Data Aggregator stops every hour
Dx NetOps Performance Management Any Version
The data aggregator stops hourly, looking in the /opt/IMDataAggregator/apache-karaf-*/shutdown.log we see errors similar to:
ERROR | Manager-thread-5 | YYYY-MM-DD HH:MM:SS,### | shutdown | ces.shutdown.ShutdownManagerImpl 131 | ces.shutdown.ShutdownManagerImpl 131 | ommon.core.services.impl | | Shutting down the data aggregator.It was detected that no data repository nodes were contactable. The uncontactable hosts are:[DRNODE1_HOSTNAME, DRNODE2_HOSTNAME,DRNODE3_HOSTNAME]
This indicates that no Data Repository hosts can be contacted, therefore the Data Aggregator shuts down.
There is traffic passing betwwen the Data Aggregator and Data Repository.
We see the error above at a regular interval, such as about 1 hour and 5 minutes after the DA started last
Check the operating system and any intermediate network devices such as firewalls for the currently configured TCP idle timeout. If the Data Repository node cannot be contacted 5 minutes, it is marked as down.

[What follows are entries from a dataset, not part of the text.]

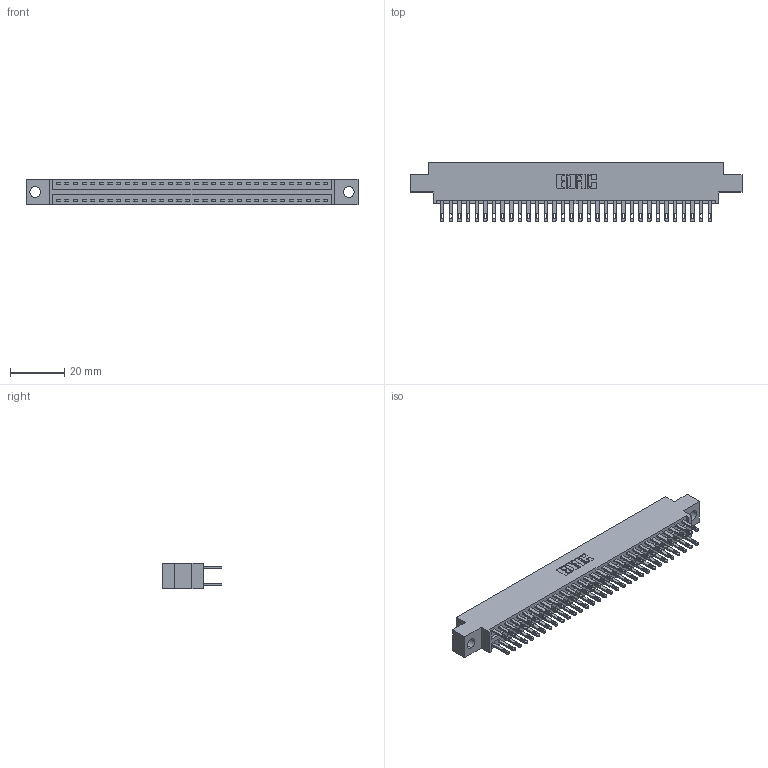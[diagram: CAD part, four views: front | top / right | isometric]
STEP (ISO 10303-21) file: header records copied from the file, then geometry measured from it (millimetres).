
FILE_DESCRIPTION (( 'STEP AP203' ), '1' );
FILE_NAME ('896-064-500-804.STEP', '2021-07-28T00:46:37', ( '' ), ( '' ), 'SwSTEP 2.0', 'SolidWorks 2020', '' );
FILE_SCHEMA (( 'CONFIG_CONTROL_DESIGN' ));
Length unit declared in the file: inch
Products named in the file (3): 846 Part_0.170 Offset - 0.156 Dia-TH; 345-292-001_345-293-100; 896-064-500-804
Assembly tree (65 placements, depth 2):
  896-064-500-804
    846 Part_0.170 Offset - 0.156 Dia-TH
    345-292-001_345-293-100  x64
Bounding box: 122.17 x 21.84 x 9.4 mm (x, y, z)
Volume: 11788.9 mm3; surface area: 16710.3 mm2
Topology: 65 solids, 65 shells, 3198 faces, 9749 edges, 6498 vertices
Faces by surface type: plane 1936, cylinder 1262
Entity records: 22295 total; most frequent: CARTESIAN_POINT 3688, ORIENTED_EDGE 3622, DIRECTION 3303, EDGE_CURVE 1811, VECTOR 1547, LINE 1547, VERTEX_POINT 1206, AXIS2_PLACEMENT_3D 878

When all nodes are uncontactable the Data Aggregator will shut down.
We use a connection pool from the Data Aggregator to Data Repository
The Data Aggregator sends a heartbeat query to each Data Repository node every 10 seconds, this would be over a TCP connection from the Data Aggregator to the Data Repository port 5433
Either at the OS levels or on an intermediate network device such as a firewall, there is a TCP idle connection timeout that is dropping one of the TCP connections in the pool.
The heartbeat can use any connection in the pool so if the connection is blocked/dropped by the firewall and we try to use that connection, we get the timeout.
We have seen this most commonly when the TCP idle timeout is set to 3600 seconds on the firewall.
When Increasing this to a larger value, the error is no longer seen.